Dataset entries:
Segment Open
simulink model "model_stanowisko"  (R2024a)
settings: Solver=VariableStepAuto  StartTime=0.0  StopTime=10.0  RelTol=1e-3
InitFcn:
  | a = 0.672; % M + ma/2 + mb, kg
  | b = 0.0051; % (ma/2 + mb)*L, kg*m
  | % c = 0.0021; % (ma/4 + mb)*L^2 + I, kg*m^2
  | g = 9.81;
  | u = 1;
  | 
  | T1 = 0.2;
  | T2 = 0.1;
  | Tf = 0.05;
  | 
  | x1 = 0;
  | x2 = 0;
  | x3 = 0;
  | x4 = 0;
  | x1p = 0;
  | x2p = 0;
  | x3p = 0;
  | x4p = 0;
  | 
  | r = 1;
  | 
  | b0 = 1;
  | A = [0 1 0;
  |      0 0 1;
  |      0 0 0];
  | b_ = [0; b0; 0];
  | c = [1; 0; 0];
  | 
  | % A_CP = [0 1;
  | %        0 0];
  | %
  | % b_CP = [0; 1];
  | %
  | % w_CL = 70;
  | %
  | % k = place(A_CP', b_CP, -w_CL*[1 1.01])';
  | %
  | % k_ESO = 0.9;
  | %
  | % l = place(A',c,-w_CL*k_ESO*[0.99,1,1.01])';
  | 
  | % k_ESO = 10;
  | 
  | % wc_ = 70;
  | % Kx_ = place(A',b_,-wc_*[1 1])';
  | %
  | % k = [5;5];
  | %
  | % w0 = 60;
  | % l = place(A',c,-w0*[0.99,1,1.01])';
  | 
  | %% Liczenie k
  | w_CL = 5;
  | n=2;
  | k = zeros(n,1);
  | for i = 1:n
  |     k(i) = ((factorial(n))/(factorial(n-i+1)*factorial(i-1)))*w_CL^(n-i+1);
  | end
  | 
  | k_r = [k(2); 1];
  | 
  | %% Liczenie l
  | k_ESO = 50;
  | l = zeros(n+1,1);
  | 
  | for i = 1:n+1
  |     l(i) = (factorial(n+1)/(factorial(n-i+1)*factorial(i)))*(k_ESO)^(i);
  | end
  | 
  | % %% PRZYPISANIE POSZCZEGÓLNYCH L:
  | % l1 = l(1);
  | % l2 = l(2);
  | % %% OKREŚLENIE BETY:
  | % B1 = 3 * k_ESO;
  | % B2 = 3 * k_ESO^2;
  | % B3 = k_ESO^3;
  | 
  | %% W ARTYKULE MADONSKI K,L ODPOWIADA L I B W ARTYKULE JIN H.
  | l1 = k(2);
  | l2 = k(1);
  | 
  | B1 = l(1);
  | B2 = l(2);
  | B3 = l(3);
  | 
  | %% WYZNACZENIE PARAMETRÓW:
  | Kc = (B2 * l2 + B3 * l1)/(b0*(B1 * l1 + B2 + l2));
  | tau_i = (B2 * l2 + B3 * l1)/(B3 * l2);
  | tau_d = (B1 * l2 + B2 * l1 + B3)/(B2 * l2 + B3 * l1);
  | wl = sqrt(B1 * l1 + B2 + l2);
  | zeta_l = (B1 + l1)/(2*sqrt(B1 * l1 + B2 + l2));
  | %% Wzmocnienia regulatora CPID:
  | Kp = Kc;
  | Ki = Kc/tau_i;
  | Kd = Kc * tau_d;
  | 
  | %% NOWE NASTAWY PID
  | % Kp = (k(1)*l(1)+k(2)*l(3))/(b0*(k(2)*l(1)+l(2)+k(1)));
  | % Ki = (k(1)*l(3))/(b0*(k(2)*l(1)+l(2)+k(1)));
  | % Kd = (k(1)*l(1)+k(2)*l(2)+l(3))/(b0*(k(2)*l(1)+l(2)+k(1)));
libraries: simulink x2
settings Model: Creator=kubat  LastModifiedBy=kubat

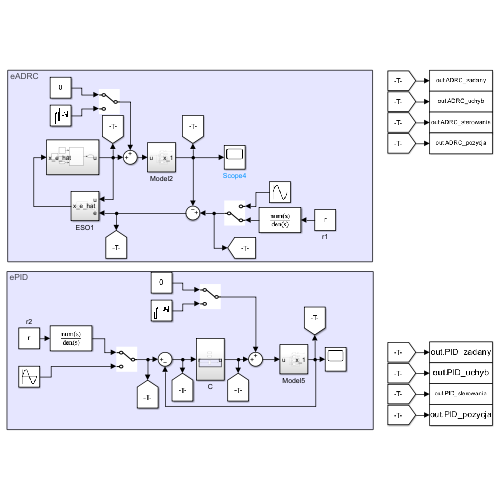
[thumbnail: Simulink's stored preview of the top-level diagram]
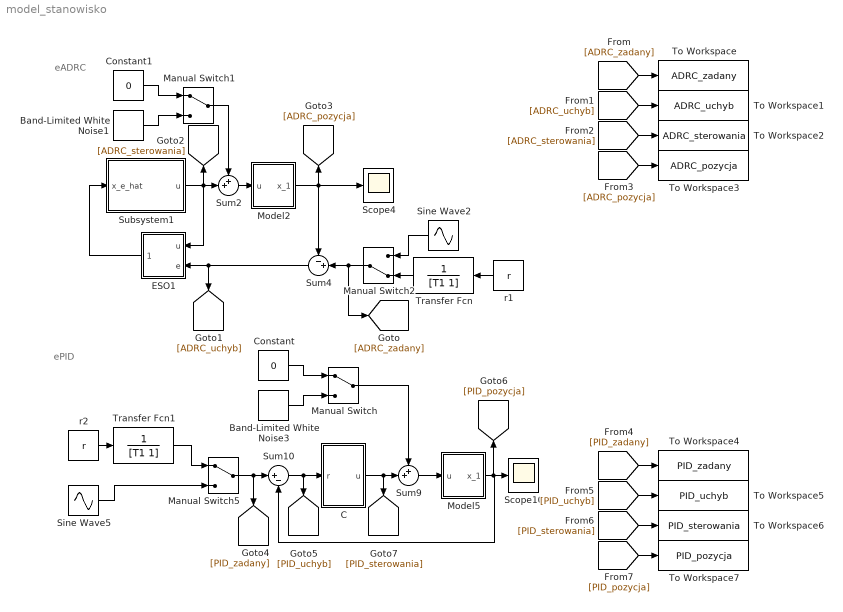
== system model_stanowisko ==
  note: ePID
  note: eADRC
  Band-Limited White Noise1 : simulink/Sources/Band-Limited White Noise  Cov=[0.001]  Ts=0.01  seed=[23341]
  Band-Limited White Noise3 : simulink/Sources/Band-Limited White Noise  Cov=[0.001]  Ts=0.01  seed=[23341]
  C : Subsystem
  Constant : Constant  Value=0
  Constant1 : Constant  Value=0
  ESO1 : Subsystem
  Manual Switch : ManualSwitch
  Manual Switch1 : ManualSwitch
  Manual Switch2 : ManualSwitch  CurrentSetting=0
  Manual Switch5 : ManualSwitch
  Model2 : Subsystem
  Model5 : Subsystem
  Scope10 : Scope
  Scope4 : Scope
  Sine Wave2 : Sin  Amplitude=u  SampleTime=0
  Sine Wave5 : Sin  Amplitude=u  SampleTime=0
  Subsystem1 : Subsystem
  Sum10 : Sum  Inputs=|+-
  Sum2 : Sum  Inputs=++|
  Sum4 : Sum  Inputs=-+|
  Sum9 : Sum  Inputs=++|
  To Workspace : ToWorkspace  VariableName=ADRC_zadany  SaveFormat=Timeseries  SampleTime=-1
  To Workspace1 : ToWorkspace  VariableName=ADRC_uchyb  SaveFormat=Timeseries  SampleTime=-1
  To Workspace2 : ToWorkspace  VariableName=ADRC_sterowania  SaveFormat=Timeseries  SampleTime=-1
  To Workspace3 : ToWorkspace  VariableName=ADRC_pozycja  SaveFormat=Timeseries  SampleTime=-1
  To Workspace4 : ToWorkspace  VariableName=PID_zadany  SaveFormat=Timeseries  SampleTime=-1
  To Workspace5 : ToWorkspace  VariableName=PID_uchyb  SaveFormat=Timeseries  SampleTime=-1
  To Workspace6 : ToWorkspace  VariableName=PID_sterowania  SaveFormat=Timeseries  SampleTime=-1
  To Workspace7 : ToWorkspace  VariableName=PID_pozycja  SaveFormat=Timeseries  SampleTime=-1
  Transfer Fcn : TransferFcn  Denominator=[T1 1]
  Transfer Fcn1 : TransferFcn  Denominator=[T1 1]
  r1 : Constant  Value=r
  r2 : Constant  Value=r
  wires:
  Sum2/1 -> Model2/1(u)
  ESO1/1(x_e_hat) -> Subsystem1/1(x_e_hat)
  Model5/1(x_1) -> [PID_pozycja], Sum10/2, Scope10/1
  Sum9/1 -> Model5/1(u)
  Manual Switch2/1 -> [ADRC_zadany], Sum4/2
  Model2/1(x_1) -> Sum4/1, Scope4/1, [ADRC_pozycja]
  Subsystem1/1(u) -> [ADRC_sterowania], ESO1/1(u), Sum2/2
  Sum10/1 -> [PID_uchyb], C/1(r)
  Manual Switch5/1 -> [PID_zadany], Sum10/1
  Transfer Fcn1/1 -> Manual Switch5/1
  r2/1 -> Transfer Fcn1/1
  Sine Wave5/1 -> Manual Switch5/2
  r1/1 -> Transfer Fcn/1
  Sum4/1 -> [ADRC_uchyb], ESO1/2(e)
  C/1(u) -> [PID_sterowania], Sum9/2
  Transfer Fcn/1 -> Manual Switch2/2
  Sine Wave2/1 -> Manual Switch2/1
  Band-Limited White Noise3/1 -> Manual Switch/2
  Manual Switch/1 -> Sum9/1
  Constant/1 -> Manual Switch/1
  Constant1/1 -> Manual Switch1/1
  Band-Limited White Noise1/1 -> Manual Switch1/2
  Manual Switch1/1 -> Sum2/1
  [ADRC_zadany] -> To Workspace/1
  [ADRC_uchyb] -> To Workspace1/1
  [ADRC_sterowania] -> To Workspace2/1
  [ADRC_pozycja] -> To Workspace3/1
  [PID_pozycja] -> To Workspace7/1
  [PID_sterowania] -> To Workspace6/1
  [PID_uchyb] -> To Workspace5/1
  [PID_zadany] -> To Workspace4/1

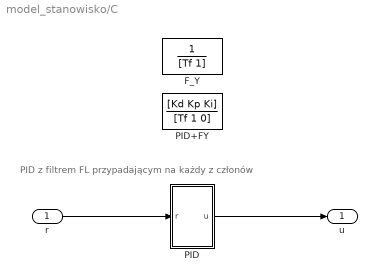
== system model_stanowisko/C ==
  note: PID z filtrem FL przypadającym na każdy z członów
  r : Inport
  F_Y : TransferFcn  Denominator=[Tf 1]
  PID : Subsystem
  PID+FY : TransferFcn  Numerator=[Kd Kp Ki]  Denominator=[Tf 1 0]
  u : Outport
  wires:
  r/1 -> PID/1(r)
  PID/1(u) -> u/1

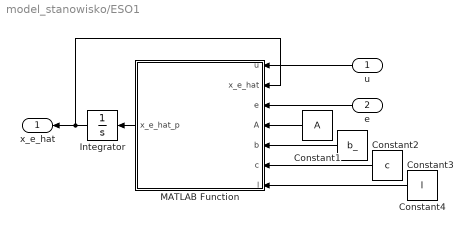
== system model_stanowisko/ESO1 ==
  u : Inport
  e : Inport  Port=2
  Constant1 : Constant  Value=A
  Constant2 : Constant  Value=b_
  Constant3 : Constant  Value=c
  Constant4 : Constant  Value=l
  Integrator : Integrator
  MATLAB Function : MATLAB Function  TreatAsAtomicUnit=on
  x_e_hat : Outport
  wires:
  Constant3/1 -> MATLAB Function/6(c)
  Integrator/1 -> x_e_hat/1, MATLAB Function/2(x_e_hat)
  MATLAB Function/1(x_e_hat_p) -> Integrator/1
  Constant2/1 -> MATLAB Function/5(b)
  e/1 -> MATLAB Function/3(e)
  Constant1/1 -> MATLAB Function/4(A)
  Constant4/1 -> MATLAB Function/7(l)
  u/1 -> MATLAB Function/1(u)

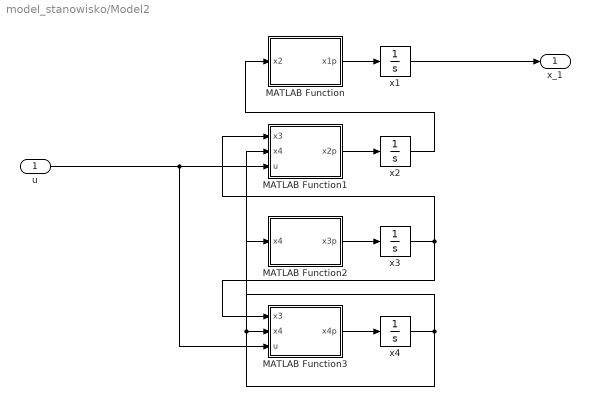
== system model_stanowisko/Model2 ==
  u : Inport
  MATLAB Function : MATLAB Function  TreatAsAtomicUnit=on
  MATLAB Function1 : MATLAB Function  TreatAsAtomicUnit=on
  MATLAB Function2 : MATLAB Function  TreatAsAtomicUnit=on
  MATLAB Function3 : MATLAB Function  TreatAsAtomicUnit=on
  x{1..4} (4 alike) : Integrator
  x_1 : Outport
  wires:
  u/1 -> MATLAB Function3/3(u), MATLAB Function1/3(u)
  x4/1 -> MATLAB Function2/1(x4), MATLAB Function3/2(x4), MATLAB Function1/2(x4)
  MATLAB Function/1(x1p) -> x1/1
  x3/1 -> MATLAB Function1/1(x3), MATLAB Function3/1(x3)
  x2/1 -> MATLAB Function/1(x2)
  MATLAB Function2/1(x3p) -> x3/1
  MATLAB Function1/1(x2p) -> x2/1
  MATLAB Function3/1(x4p) -> x4/1
  x1/1 -> x_1/1

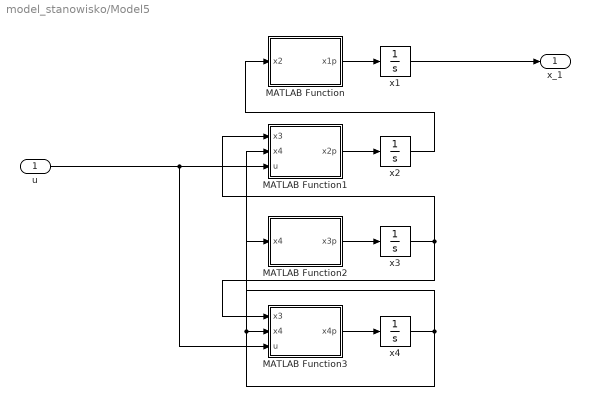
== system model_stanowisko/Model5 ==
  u : Inport
  MATLAB Function : MATLAB Function  TreatAsAtomicUnit=on
  MATLAB Function1 : MATLAB Function  TreatAsAtomicUnit=on
  MATLAB Function2 : MATLAB Function  TreatAsAtomicUnit=on
  MATLAB Function3 : MATLAB Function  TreatAsAtomicUnit=on
  x{1..4} (4 alike) : Integrator
  x_1 : Outport
  wires:
  u/1 -> MATLAB Function3/3(u), MATLAB Function1/3(u)
  x4/1 -> MATLAB Function3/2(x4), MATLAB Function1/2(x4), MATLAB Function2/1(x4)
  MATLAB Function/1(x1p) -> x1/1
  x3/1 -> MATLAB Function1/1(x3), MATLAB Function3/1(x3)
  x2/1 -> MATLAB Function/1(x2)
  MATLAB Function2/1(x3p) -> x3/1
  MATLAB Function1/1(x2p) -> x2/1
  MATLAB Function3/1(x4p) -> x4/1
  x1/1 -> x_1/1

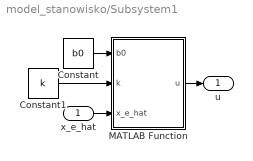
== system model_stanowisko/Subsystem1 ==
  x_e_hat : Inport
  Constant : Constant  Value=b0
  Constant1 : Constant  Value=k
  MATLAB Function : MATLAB Function  TreatAsAtomicUnit=on
  u : Outport
  wires:
  Constant/1 -> MATLAB Function/1(b0)
  Constant1/1 -> MATLAB Function/2(k)
  x_e_hat/1 -> MATLAB Function/3(x_e_hat)
  MATLAB Function/1(u) -> u/1

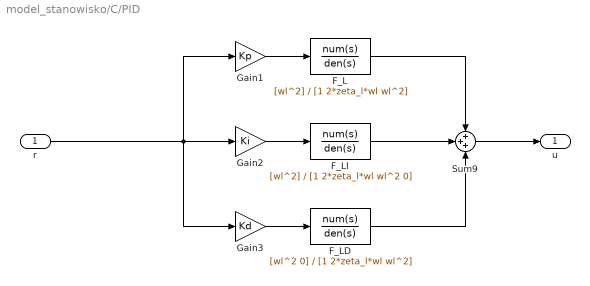
== system model_stanowisko/C/PID ==
  r : Inport
  F_L : TransferFcn  Numerator=[wl^2]  Denominator=[1 2*zeta_l*wl wl^2]
  F_LD : TransferFcn  Numerator=[wl^2 0]  Denominator=[1 2*zeta_l*wl wl^2]
  F_LI : TransferFcn  Numerator=[wl^2]  Denominator=[1 2*zeta_l*wl wl^2 0]
  Gain1 : Gain  Gain=Kp
  Gain2 : Gain  Gain=Ki
  Gain3 : Gain  Gain=Kd
  Sum9 : Sum  Inputs=+++
  u : Outport
  wires:
  Gain1/1 -> F_L/1
  r/1 -> Gain3/1, Gain2/1, Gain1/1
  Sum9/1 -> u/1
  F_L/1 -> Sum9/1
  Gain2/1 -> F_LI/1
  F_LI/1 -> Sum9/2
  Gain3/1 -> F_LD/1
  F_LD/1 -> Sum9/3

== matlab function model_stanowisko/ESO1/MATLAB Function ==
  data: u input; x_e_hat_p output; x_e_hat input; e input; A input; b input; c input; l input
function x_e_hat_p = fcn(u, x_e_hat, e, A, b, c, l)
c = c.';
pom1 = c*x_e_hat;
pom2 = e - pom1;

x_e_hat_p1 = A*x_e_hat-b*u+l*pom2;
x_e_hat_p = x_e_hat_p1(:,1);

== matlab function model_stanowisko/Model2/MATLAB Function ==
  data: x2 input; x1p output
function x1p = fcn(x2)

x1p = x2;

== matlab function model_stanowisko/Model2/MATLAB Function1 ==
  data: x3 input; x2p output; x4 input; u input
function x2p = fcn(x3, x4,u)
g = 9.81;
x2p = ((0.0031*u)/(0.0021-0.000038*cos(x3)^2))-(0.000016*sin(x3)*x4^2+0.000038*g*sin(x3)*cos(x3))/(0.0021-0.000038*cos(x3)^2);

== matlab function model_stanowisko/Model2/MATLAB Function2 ==
  data: x4 input; x3p output
function x3p = fcn(x4)

x3p = x4;

== matlab function model_stanowisko/Model2/MATLAB Function3 ==
  data: x3 input; x4 input; x4p output; u input
function x4p = fcn(x3,x4,u)
g = 9.81;
x4p = ((-0.0076*cos(x3)*u)/(0.0021-0.000038*cos(x3)^2))+(((-0.000038*sin(x3)*cos(x3)*x4^2) + 0.0051*g*sin(x3))/(0.0021-0.000038*cos(x3)^2));

== matlab function model_stanowisko/Subsystem1/MATLAB Function ==
  data: b0 input; u output; k input; x_e_hat input
function u = fcn(b0, k, x_e_hat)

k = k';
kpom = [k, 1];
b0_1 = 1/b0;
u = b0_1*(kpom*x_e_hat);

== matlab function model_stanowisko/Model5/MATLAB Function ==
  data: x2 input; x1p output
function x1p = fcn(x2)

x1p = x2;

== matlab function model_stanowisko/Model5/MATLAB Function1 ==
  data: x3 input; x2p output; x4 input; u input
function x2p = fcn(x3, x4,u)
g = 9.81;
x2p = ((0.0031*u)/(0.0021-0.000038*cos(x3)^2))-(0.000016*sin(x3)*x4^2+0.000038*g*sin(x3)*cos(x3))/(0.0021-0.000038*cos(x3)^2);

== matlab function model_stanowisko/Model5/MATLAB Function2 ==
  data: x4 input; x3p output
function x3p = fcn(x4)

x3p = x4;

== matlab function model_stanowisko/Model5/MATLAB Function3 ==
  data: x3 input; x4 input; x4p output; u input
function x4p = fcn(x3,x4,u)
g = 9.81;
x4p = ((-0.0076*cos(x3)*u)/(0.0021-0.000038*cos(x3)^2))+(((-0.000038*sin(x3)*cos(x3)*x4^2) + 0.0051*g*sin(x3))/(0.0021-0.000038*cos(x3)^2));
Segment Closed
# [TASK STATEMENT]
A word-for-word copy of the entries, from the first line through the line containing "Ki = (k(1)*l(3))/(b0*(k(2)*l(1)+l(2)+k(1)));", is the whole answer.

# [EXERCISE OUTPUT]
simulink model "model_stanowisko"  (R2024a)
settings: Solver=VariableStepAuto  StartTime=0.0  StopTime=10.0  RelTol=1e-3
InitFcn:
  | a = 0.672; % M + ma/2 + mb, kg
  | b = 0.0051; % (ma/2 + mb)*L, kg*m
  | % c = 0.0021; % (ma/4 + mb)*L^2 + I, kg*m^2
  | g = 9.81;
  | u = 1;
  | 
  | T1 = 0.2;
  | T2 = 0.1;
  | Tf = 0.05;
  | 
  | x1 = 0;
  | x2 = 0;
  | x3 = 0;
  | x4 = 0;
  | x1p = 0;
  | x2p = 0;
  | x3p = 0;
  | x4p = 0;
  | 
  | r = 1;
  | 
  | b0 = 1;
  | A = [0 1 0;
  |      0 0 1;
  |      0 0 0];
  | b_ = [0; b0; 0];
  | c = [1; 0; 0];
  | 
  | % A_CP = [0 1;
  | %        0 0];
  | %
  | % b_CP = [0; 1];
  | %
  | % w_CL = 70;
  | %
  | % k = place(A_CP', b_CP, -w_CL*[1 1.01])';
  | %
  | % k_ESO = 0.9;
  | %
  | % l = place(A',c,-w_CL*k_ESO*[0.99,1,1.01])';
  | 
  | % k_ESO = 10;
  | 
  | % wc_ = 70;
  | % Kx_ = place(A',b_,-wc_*[1 1])';
  | %
  | % k = [5;5];
  | %
  | % w0 = 60;
  | % l = place(A',c,-w0*[0.99,1,1.01])';
  | 
  | %% Liczenie k
  | w_CL = 5;
  | n=2;
  | k = zeros(n,1);
  | for i = 1:n
  |     k(i) = ((factorial(n))/(factorial(n-i+1)*factorial(i-1)))*w_CL^(n-i+1);
  | end
  | 
  | k_r = [k(2); 1];
  | 
  | %% Liczenie l
  | k_ESO = 50;
  | l = zeros(n+1,1);
  | 
  | for i = 1:n+1
  |     l(i) = (factorial(n+1)/(factorial(n-i+1)*factorial(i)))*(k_ESO)^(i);
  | end
  | 
  | % %% PRZYPISANIE POSZCZEGÓLNYCH L:
  | % l1 = l(1);
  | % l2 = l(2);
  | % %% OKREŚLENIE BETY:
  | % B1 = 3 * k_ESO;
  | % B2 = 3 * k_ESO^2;
  | % B3 = k_ESO^3;
  | 
  | %% W ARTYKULE MADONSKI K,L ODPOWIADA L I B W ARTYKULE JIN H.
  | l1 = k(2);
  | l2 = k(1);
  | 
  | B1 = l(1);
  | B2 = l(2);
  | B3 = l(3);
  | 
  | %% WYZNACZENIE PARAMETRÓW:
  | Kc = (B2 * l2 + B3 * l1)/(b0*(B1 * l1 + B2 + l2));
  | tau_i = (B2 * l2 + B3 * l1)/(B3 * l2);
  | tau_d = (B1 * l2 + B2 * l1 + B3)/(B2 * l2 + B3 * l1);
  | wl = sqrt(B1 * l1 + B2 + l2);
  | zeta_l = (B1 + l1)/(2*sqrt(B1 * l1 + B2 + l2));
  | %% Wzmocnienia regulatora CPID:
  | Kp = Kc;
  | Ki = Kc/tau_i;
  | Kd = Kc * tau_d;
  | 
  | %% NOWE NASTAWY PID
  | % Kp = (k(1)*l(1)+k(2)*l(3))/(b0*(k(2)*l(1)+l(2)+k(1)));
  | % Ki = (k(1)*l(3))/(b0*(k(2)*l(1)+l(2)+k(1)));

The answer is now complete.